ASSIGNMENT
Look below for the line that contains "line L27 (198.2, -188.3064)", then copy it and each following line exactly, through and including the line that contains "circle A6 centre (183.2, -124.8064)".

* * *

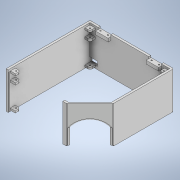
# Autodesk Inventor part: Box_Walls_2
Saved by Autodesk Inventor 2022 (Build 260153000, 153)
## iProperties
Created: 2023-02-27
Part Number: Box_Walls_2
Material: Generic
Document SubType Name: Modeling
Designer: zarek
Density: 1 g/cm^3
Appearance: Default
Author: zarek
Autodesk Inventor part; units mm, degrees
ref_plane "YZ Plane" through (0, 0, 0) normal (1, 0, 0) x (0, 1, 0)
sketch "Sketch1" plane through (0, 0, 0) normal (0, 1, 0) x (-1, 0, 0)
  line L0 (101.6, -101.6) -> (-101.6, -101.6)
  line L1 (-101.6, -101.6) -> (-101.6, 101.6)
  line L2 (-101.6, 101.6) -> (101.6, 101.6)
  line L3 (101.6, 101.6) -> (101.6, -101.6)
  line L4 (96.6, -96.6) -> (-96.6, -96.6)
  line L5 (-96.6, -96.6) -> (-96.6, 96.6)
  line L6 (-96.6, 96.6) -> (96.6, 96.6)
  line L7 (96.6, 96.6) -> (96.6, -96.6)
  line L8 (101.6, 101.6) -> (-40.4, 101.6)
  circle A0 centre (0, 0) radius 88.9
  circle A1 centre (0, 0) radius 109.3376
  line L9 (-40.4, 101.6) -> (-101.6, 40.4)
  line L10 (-45.4, 101.6) -> (-101.6, 45.4)
  line L11 (96.6, 96.6) -> (96.6, 101.6)
  line L12 (-45.4, 101.6) -> (-35.4, 101.6)
  line L13 (-35.4, 101.6) -> (-35.4, 96.6)
  line L14 (-35.4, 96.6) -> (-45.4, 96.6)
  line L15 (-45.4, 96.6) -> (-45.4, 101.6)
  point P0 (96.6, 51.2168)
  point P1 (101.6, 40.4)
  point P2 (101.6, -40.4)
  point P3 (96.6, -51.2168)
  point P4 (-96.6, 45.4)
  point P5 (-45.4, 96.6)
  dimension "d0" = 203.2
  dimension "d1" = 203.2
  dimension "d2" = 101.6
  dimension "d3" = 101.6
  dimension "d4" = 5
  dimension "d5" = 5
  dimension "d6" = 5
  dimension "d7" = 5
  dimension "d10" = 142
  dimension "d12" = 61.2
  dimension "d14" = 177.8
  dimension "d15" = 5
  dimension "d16" = 5
  dimension "d17" = 10
  constraints: 32 end point, 7 parallel, 6 point on line, 4 perpendicular, 3 horizontal, 2 centre point, 2 coincident, 2 point on circle
  measures "d0" distance between parallel lines of L2 L0
  measures "d1" distance between parallel lines of L1 L3
  measures "d2" distance from line of L0 point (0, 0)
  measures "d3" distance from line of L1 point (0, 0)
  measures "d4" distance between parallel lines of L4 L0
  measures "d5" distance between parallel lines of L1 L5
  measures "d6" distance between parallel lines of L2 L6
  measures "d7" distance between parallel lines of L3 L7
  measures "d10" distance of L2.end L8.end
  measures "d12" distance from line of L1 L8.end
  measures "d14" diameter of A0
  measures "d15" distance of L10.end L9.end
  measures "d16" distance of L10.start L8.end
  measures "d17" distance of L13.end L14.end
extrude "Extrusion1" add sketch "Sketch1" along normal blind 89.6 contours L0 A1 L4 L7 L3 | L0 A1 L4 | A1 L7 L3 | L0 L1 A1 L5 L4 | A1 L7 L11 L2 L3 | L1 L9 L5 A1 | L1 L10 A1 | A1 L10 L5 L9 | L5 L10 L6 L9 | L6 L9 L2 L13 | L15 A1 L9 | L6 L10 A1 L15 | A1 L15 L2 | A1 L10 L15
sketch "Sketch2" plane through (101.6, 0, 45.4) normal (0.7071068, 0, 0.7071068) x (0.7071068, 0, -0.7071068)
  line L0 (-179.888, 0) -> (-39.7394, 0) projected
  line L1 (-74.4788, 0) -> (-5, 0)
  line L2 (-5, 0) -> (-5, 38.1)
  line L3 (-5, 38.1) -> (-74.4788, 38.1)
  line L4 (-74.4788, 38.1) -> (-74.4788, 0)
  line L5 (0, 0) -> (0, 89.6) projected
  line L6 (-79.4788, 0) -> (-79.4788, 89.6) projected
  arc A0 (-5, 38.1) -> (-74.4788, 38.1) centre (-39.7394, 10.3696) ccw
  point P0 (-39.7394, 0)
  dimension "d20" = 5
  dimension "d21" = 5
  dimension "d22" = 38.1
  dimension "d33" = 44.45
  constraints: 8 end point, 2 parallel, 2 point on circle, 1 centre point, 1 horizontal, 1 perpendicular, 1 point on line
  measures "d20" distance between parallel lines of L5 L2
  measures "d21" distance between parallel lines of L4 L6
  measures "d22" distance between parallel lines of L0 L3
  measures "d33" radius of A0
extrude "Extrusion2" cut sketch "Sketch2" along normal mid plane 98.6
fillet "Fillet1" radius 3.175 2 edges at (101.6, 44.8, 45.4) (45.4, 44.8, 101.6)
sketch "Sketch4" plane through (101.6, 0, -101.6) normal (1, 0, 0) x (0, 0, -1)
  line L0 (-145.6849, 0) -> (-145.6849, 89.6) projected
  line L1 (-203.2, 0) -> (-203.2, 89.6) projected
  line L2 (-145.6849, 0) -> (-203.2, 0)
  line L3 (-203.2, 0) -> (-203.2, 2)
  line L4 (-203.2, 2) -> (-145.6849, 2)
  line L5 (-145.6849, 2) -> (-145.6849, 0)
  point P0 (-101.6, 0)
  point P1 (-203.2, 0)
  dimension "d28" = 2
  constraints: 8 end point, 2 parallel, 1 horizontal, 1 perpendicular, 1 point on line
  measures "d28" distance of L2.end L3.end
extrude "Extrusion3" cut sketch "Sketch4" against normal blind 57.658
fillet "Fillet3" radius 3.175 1 edges at (73.5, 54.8196, 73.5)
fillet "Fillet4" radius 3.175 4 edges at (48.9355, 40.5237, 98.0645) (48.9355, 20.05, 98.0645) (98.0645, 40.5237, 48.9355) (98.0645, 20.05, 48.9355)
sketch "Sketch5" plane through (-96.6, 0, -96.6) normal (0, 0, 1) x (1, 0, 0)
  line L0 (0, 0) -> (0, 89.6) projected
  line L1 (0, 0) -> (18.2, 0)
  line L2 (18.2, 0) -> (18.2, 17.8)
  line L3 (18.2, 17.8) -> (0, 17.8)
  line L4 (0, 17.8) -> (0, 0)
  line L5 (18.2, 0) -> (0, 0)
  line L6 (0, 0) -> (0, 7)
  line L7 (0, 7) -> (18.2, 7)
  line L8 (18.2, 7) -> (18.2, 0)
  point P0 (96.6, 0)
  point P1 (0, 7)
  point P2 (18.2, 7)
  point P3 (0, 17.8)
  dimension "d34" = 18.2
  dimension "d35" = 7
  dimension "d36" = 10.8
  constraints: 16 end point, 4 parallel, 2 horizontal, 2 perpendicular, 1 point on line
  measures "d34" distance of L3.end L2.end
  measures "d35" distance between parallel lines of L1 L7
  measures "d36" distance between parallel lines of L7 L3
extrude "Extrusion4" cut sketch "Sketch5" against normal blind 25.4 contours L0 L3 L2 L7
ref_plane "Work Plane3" through (-96.6, 7, -99.1) normal (0, 1, 0) x (1, 0, 0)
sketch "Sketch11" plane through (-96.6, 7, -99.1) normal (0, 1, 0) x (1, 0, 0)
  line L0 (0, -2.5) -> (0, -196.0064)
  line L1 (193.2, -2.5) -> (0, -2.5)
  line L2 (0, -2.5) -> (193.2, -2.5)
  line L3 (193.2, -144.8203) -> (141.8746, -196.0064)
  line L4 (193.2, -2.5) -> (193.2, -144.8203)
  line L5 (193.2, -144.8203) -> (141.8746, -196.0064)
  line L6 (141.8746, -196.0064) -> (0, -196.0064)
  line L7 (0, -196.0064) -> (0, -2.5)
  line L8 (0, -2.5) -> (7.0711, -9.5711)
  circle A0 centre (7.0711, -9.5711) radius 5.3203
  circle A1 centre (7.0711, -9.5711) radius 1
  line L9 (7.0711, -14.8914) -> (0, -14.8914)
  line L10 (7.0711, -9.5711) -> (7.0711, -14.8914)
  line L11 (7.0711, -9.5711) -> (12.3914, -9.5711)
  line L12 (12.3914, -2.5) -> (12.3914, -9.5711)
  line L13 (0, -196.0064) -> (7.0711, -188.9353)
  line L14 (0, -196.0064) -> (10, -196.0064) construction
  circle A2 centre (7.0711, -188.9353) radius 5
  circle A3 centre (7.0711, -188.9353) radius 1
  line L15 (7.0711, -188.9353) -> (12.0711, -188.9353)
  line L16 (12.0711, -196.0064) -> (12.0711, -188.9353)
  line L17 (7.0711, -188.9353) -> (7.0711, -183.9353)
  line L18 (0, -183.9353) -> (7.0711, -183.9353)
  line L19 (193.2, -2.5) -> (186.1289, -9.5711)
  circle A4 centre (186.1289, -9.5711) radius 5
  circle A5 centre (186.1289, -9.5711) radius 1
  line L20 (186.1289, -9.5711) -> (181.1289, -9.5711)
  line L21 (181.1289, -2.5) -> (181.1289, -9.5711)
  line L22 (186.1289, -9.5711) -> (186.1289, -14.5711)
  line L23 (193.2, -14.5711) -> (186.1289, -14.5711)
  line L24 (193.2, -142.5343) -> (193.2, -2.5)
  line L25 (0, -196.0064) -> (139.7178, -196.0064)
  line L26 (122, -124.8064) -> (198.2, -124.8064)
  line L27 (198.2, -188.3064) -> (198.2, 2.1936)
  line L28 (122, -124.8064) -> (122, -201.0064)
  line L29 (139.7178, -201.0064) -> (-5, -201.0064)
  line L30 (193.2, -124.8064) -> (183.2, -124.8064)
  circle A6 centre (183.2, -124.8064) radius 5
  circle A7 centre (183.2, -124.8064) radius 1
  line L31 (122, -196.0064) -> (122, -186.0064)
  line L32 (193.2, -2.5) -> (193.2, -144.5) projected
  line L33 (0, -2.5) -> (193.2, -2.5) projected
  line L34 (0, -200.7) -> (0, -2.5) projected
  line L35 (183.2, -119.8064) -> (193.2, -119.8064)
  line L36 (183.2, -124.8064) -> (183.2, -129.8064)
  line L37 (183.2, -129.8064) -> (193.2, -129.8064)
  point P0 (96.6, -99.1)
  point P1 (96.4746, -327.7)
  point P2 (-5, -201.0064)
  point P3 (0, -183.9353)
  point P4 (0, -196.0064)
  point P5 (12.3914, -2.5)
  point P6 (0, -14.8914)
  dimension "d96" = 10
  dimension "d97" = 2
  dimension "d98" = 10
  dimension "d99" = 45
  dimension "d100" = 10
  dimension "d101" = 2
  dimension "d102" = 10
  dimension "d103" = 10
  dimension "d104" = 2
  dimension "d105" = 76.2
  dimension "d106" = 76.2
  dimension "d109" = 2
  dimension "d113" = 228.6
  dimension "d114" = 0
  dimension "d115" = 0
  dimension "d116" = 0
  dimension "d117" = 0
  constraints: 68 end point, 15 point on line, 11 perpendicular, 8 centre point, 8 point on circle, 7 coincident, 5 horizontal, 3 parallel, 2 tangent, 2 vertical, 1 collinear, 1 equal length, 4 other
  measures "d96" distance of L0.start L8.end
  measures "d97" diameter of A1
  measures "d98" distance of L6.end L13.end
  measures "d99" angle of L14 L13
  measures "d100" diameter of A2
  measures "d101" diameter of A3
  measures "d102" distance of L1.start L19.end
  measures "d103" diameter of A4
  measures "d104" diameter of A5
  measures "d105" distance between parallel lines of L27 L28
  measures "d106" length of L26
  measures "d109" diameter of A7
  measures "d113" distance of point (96.475, -327.7) point (96.6, -99.1)
  measures "d114" distance between parallel lines of L32 L24
  measures "d115" distance between parallel lines of L33 L1
  measures "d116" distance between parallel lines of L34 L7
  measures "d117" distance between parallel lines of L6 L25
extrude "Extrusion8" add sketch "Sketch11" against normal blind 4.5 contours L8 A0 L9 L0 | L1 L12 A0 L8 | A0 L11 A1 L8 | L8 A1 L10 A0 | L18 A2 L13 L0 | L10 A1 L11 A0 | L1 L19 A4 L21 | L13 A2 L16 L6 | L17 A3 L13 A2 | A2 L15 A3 L17 | L4 L23 A4 L19 | L20 A5 L22 A4 | A4 L19 A5 L20 | L13 A3 L15 A2 | A4 L22 A5 L19 | L4 L26 A6 L35 | L4 L37 A6 L26 | A6 L26 A7 | A6 L36 A7 L26 | L26 A7 L36 A6
sketch "Sketch12" plane through (-101.6, 0, 101.6) normal (0, 0, 1) x (1, 0, 0)
  line L0 (0, 0) -> (5, 0) projected
  line L1 (5, 17.8) -> (5, 89.6) projected
  line L2 (0, 0) -> (5, 0)
  line L3 (5, 0) -> (5, 61.1)
  line L4 (5, 61.1) -> (0, 61.1)
  line L5 (0, 61.1) -> (0, 0)
  point P0 (101.6, 0)
  dimension "d120" = 61.1
  constraints: 8 end point, 2 parallel, 1 horizontal, 1 perpendicular, 1 point on line
  measures "d120" distance of L3.end L2.end
ref_plane "Work Plane4" through (-96.6, 61.1, 101.6) normal (0, 1, 0) x (-1, 0, 0)
sketch "Sketch13" plane through (-96.6, 61.1, 101.6) normal (0, 1, 0) x (-1, 0, 0)
  line L0 (0, -198.2) -> (0, -5)
  line L1 (-193.2, -198.2) -> (0, -198.2)
  line L2 (0, -198.2) -> (-193.2, -198.2)
  line L3 (-193.2, -56.1861) -> (-141.8746, -5)
  line L4 (-193.2, -198.2) -> (-193.2, -56.1861)
  line L5 (-193.2, -56.1861) -> (-141.8746, -5)
  line L6 (-141.8746, -5) -> (0, -5)
  line L7 (0, -5) -> (0, -198.2)
  line L8 (0, -198.2) -> (-7.0711, -191.1289)
  circle A0 centre (-7.0711, -191.1289) radius 5.3203
  circle A1 centre (-7.0711, -191.1289) radius 1
  line L9 (-7.0711, -185.8086) -> (0, -185.8086)
  line L10 (-7.0711, -191.1289) -> (-7.0711, -185.8086)
  line L11 (-7.0711, -191.1289) -> (-12.3914, -191.1289)
  line L12 (-12.3914, -198.2) -> (-12.3914, -191.1289)
  line L13 (0, -5) -> (-7.2124, -11.9268)
  line L14 (0, -5) -> (-9.998, -4.7981) construction
  circle A2 centre (-7.2124, -11.9268) radius 5
  circle A3 centre (-7.2124, -11.9268) radius 1
  line L15 (-7.2124, -11.9268) -> (-12.2124, -11.9073)
  line L16 (-12.1854, -5) -> (-12.2124, -11.9073)
  line L17 (-7.2124, -11.9268) -> (-7.2319, -16.9268)
  line L18 (0, -16.955) -> (-7.2319, -16.9268)
  line L19 (-193.2, -198.2) -> (-186.1289, -191.1289)
  circle A4 centre (-186.1289, -191.1289) radius 5
  circle A5 centre (-186.1289, -191.1289) radius 1
  line L20 (-186.1289, -191.1289) -> (-181.1289, -191.1289)
  line L21 (-181.1289, -198.2) -> (-181.1289, -191.1289)
  line L22 (-186.1289, -191.1289) -> (-186.1289, -186.1289)
  line L23 (-193.2, -186.1289) -> (-186.1289, -186.1289)
  line L24 (-193.2, -58.1657) -> (-193.2, -198.2)
  line L25 (0, -5) -> (-139.7178, -5)
  line L26 (-122, -76.2) -> (-198.2, -76.2)
  line L27 (-198.2, -12.5257) -> (-198.2, -203.0257)
  line L28 (-122, -76.2) -> (-122, 0)
  line L29 (-139.8151, 0) -> (4.9027, 0)
  line L30 (-193.2, -76.2) -> (-183.2973, -76.2)
  circle A6 centre (-183.2973, -76.2) radius 5
  circle A7 centre (-183.2973, -76.2) radius 1
  line L31 (-122, -5) -> (-122, -15)
  circle A8 centre (-122, -15) radius 5
  circle A9 centre (-122, -15) radius 1.75
  line L32 (-193.2, -198.2) -> (-193.2, -56.2)
  line L33 (0, -198.2) -> (-193.2, -198.2)
  line L34 (0, -0.1321) -> (0, -198.2)
  line L35 (-183.2973, -81.2) -> (-193.2, -81.2)
  line L36 (-183.2973, -76.2) -> (-183.2973, -71.2)
  line L37 (-183.2973, -71.2) -> (-193.2, -71.2)
  line L38 (-122, -15) -> (-127, -15)
  line L39 (-127, -15) -> (-127, -5)
  line L40 (-117, -15) -> (-117, -5)
  line L41 (0, 0) -> (0, -198.2) projected
  line L42 (0, -198.2) -> (-193.2, -198.2) projected
  line L43 (-198.2, -57.5151) -> (-198.2, -203.2) projected
  line L44 (0, -4.6936) -> (-12.0711, -4.6936) projected
  line L45 (5, 0) -> (0, 0) projected
  line L46 (-142, -5) -> (-132, -5) projected
  point P0 (-96.6, -101.6)
  point P1 (-96.6973, -101.7321)
  point P2 (-139.7178, -5)
  point P3 (-139.8151, 0)
  point P4 (4.9027, 0)
  point P5 (181.1289, -2.5)
  point P6 (193.2, -129.8064)
  point P7 (193.2, -119.8064)
  point P8 (117, -196.0064)
  point P9 (127, -196.0064)
  point P10 (0, -183.9353)
  point P11 (0, -196.0064)
  point P12 (12.3914, -2.5)
  point P13 (0, -14.8914)
  point P14 (-193.2, -71.2)
  point P15 (-193.2, -81.2)
  point P16 (0, -16.955)
  point P17 (0, -5)
  point P18 (-12.3914, -198.2)
  point P19 (0, -185.8086)
  dimension "d122" = 10
  dimension "d123" = 2
  dimension "d124" = 10
  dimension "d125" = 45
  dimension "d126" = 10
  dimension "d127" = 2
  dimension "d128" = 10
  dimension "d129" = 10
  dimension "d130" = 2
  dimension "d131" = 76.2
  dimension "d132" = 76.2
  dimension "d133" = 2
  dimension "d134" = 10
  dimension "d135" = 10
  dimension "d136" = 3.5
  dimension "d138" = 0
  dimension "d139" = 0
  dimension "d140" = 0
  dimension "d141" = 0
  dimension "d142" = 0
  dimension "d143" = 0
  dimension "d144" = 0
  dimension "d146" = 0
  dimension "d148" = 0
  constraints: 78 end point, 15 point on line, 12 perpendicular, 10 centre point, 10 point on circle, 9 coincident, 4 parallel, 3 tangent, 1 collinear, 1 equal length, 1 vertical, 10 other
  measures "d122" distance of L0.start L8.end
  measures "d123" diameter of A1
  measures "d124" distance of L6.end L13.end
  measures "d125" angle of L14 L13
  measures "d126" diameter of A2
  measures "d127" diameter of A3
  measures "d128" distance of L1.start L19.end
  measures "d129" diameter of A4
  measures "d130" diameter of A5
  measures "d131" distance between parallel lines of L27 L28
  measures "d132" length of L26
  measures "d133" diameter of A7
  measures "d134" distance of L31.start L31.end
  measures "d135" diameter of A8
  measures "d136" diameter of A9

* * *

FINAL ANSWER
  line L27 (198.2, -188.3064) -> (198.2, 2.1936)
  line L28 (122, -124.8064) -> (122, -201.0064)
  line L29 (139.7178, -201.0064) -> (-5, -201.0064)
  line L30 (193.2, -124.8064) -> (183.2, -124.8064)
  circle A6 centre (183.2, -124.8064) radius 5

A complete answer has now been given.